BEGIN RECORDS SUPPLIED

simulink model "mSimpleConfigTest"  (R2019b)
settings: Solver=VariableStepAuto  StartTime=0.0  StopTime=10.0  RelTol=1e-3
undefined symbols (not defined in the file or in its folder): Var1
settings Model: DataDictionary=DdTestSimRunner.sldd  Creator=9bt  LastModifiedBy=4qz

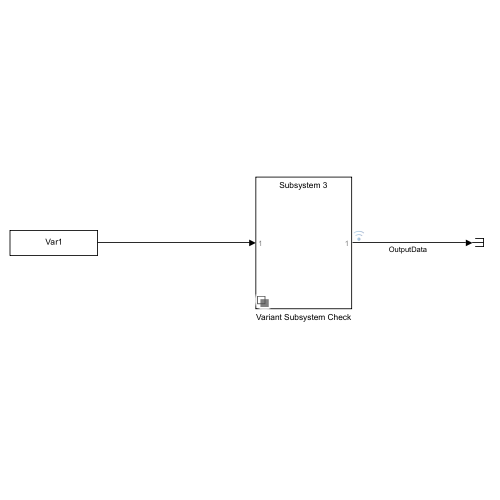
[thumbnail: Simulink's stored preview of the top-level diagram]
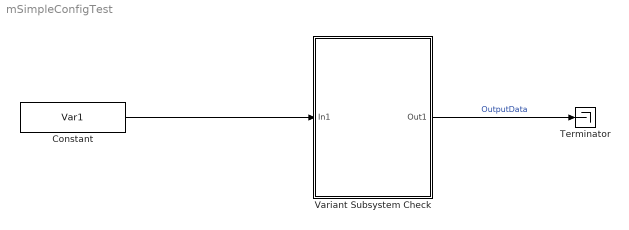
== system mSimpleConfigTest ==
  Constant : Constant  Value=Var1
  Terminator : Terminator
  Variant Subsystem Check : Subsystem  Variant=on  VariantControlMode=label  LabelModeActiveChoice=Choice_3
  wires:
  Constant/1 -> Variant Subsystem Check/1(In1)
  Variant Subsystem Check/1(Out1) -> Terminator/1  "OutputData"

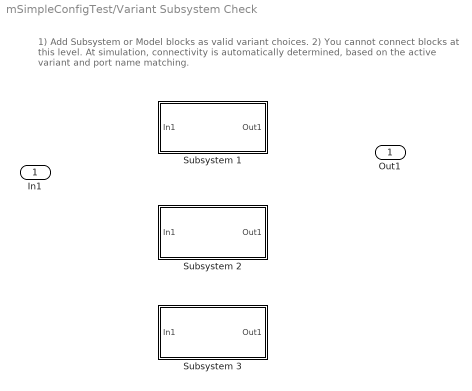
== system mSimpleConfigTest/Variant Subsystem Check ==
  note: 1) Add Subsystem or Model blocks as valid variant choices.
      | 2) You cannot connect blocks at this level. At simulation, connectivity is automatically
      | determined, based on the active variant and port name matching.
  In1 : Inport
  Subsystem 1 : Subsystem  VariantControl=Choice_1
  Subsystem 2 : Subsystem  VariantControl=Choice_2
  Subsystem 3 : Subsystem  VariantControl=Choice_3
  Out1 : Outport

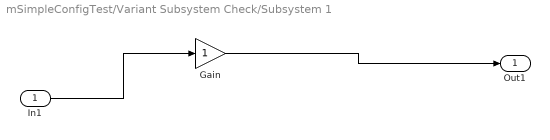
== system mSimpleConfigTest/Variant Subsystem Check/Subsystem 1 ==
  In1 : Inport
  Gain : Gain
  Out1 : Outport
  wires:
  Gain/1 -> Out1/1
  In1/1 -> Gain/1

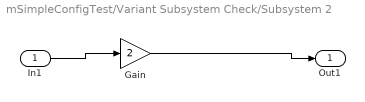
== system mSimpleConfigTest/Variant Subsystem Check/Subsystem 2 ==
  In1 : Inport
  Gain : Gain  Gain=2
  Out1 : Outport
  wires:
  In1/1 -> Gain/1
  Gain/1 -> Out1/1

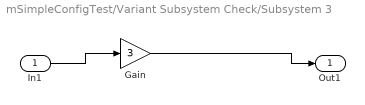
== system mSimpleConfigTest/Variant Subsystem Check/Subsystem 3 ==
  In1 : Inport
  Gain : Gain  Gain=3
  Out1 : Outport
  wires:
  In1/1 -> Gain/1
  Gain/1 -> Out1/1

END RECORDS SUPPLIED

:: WORK INSTRUCTIONS ::
Where the word "mSimpleConfigTest" appears in a line of the entries, copy that line.

:: TASK SOLUTION ::
simulink model "mSimpleConfigTest"  (R2019b)
== system mSimpleConfigTest ==
== system mSimpleConfigTest/Variant Subsystem Check ==
== system mSimpleConfigTest/Variant Subsystem Check/Subsystem 1 ==
== system mSimpleConfigTest/Variant Subsystem Check/Subsystem 2 ==
== system mSimpleConfigTest/Variant Subsystem Check/Subsystem 3 ==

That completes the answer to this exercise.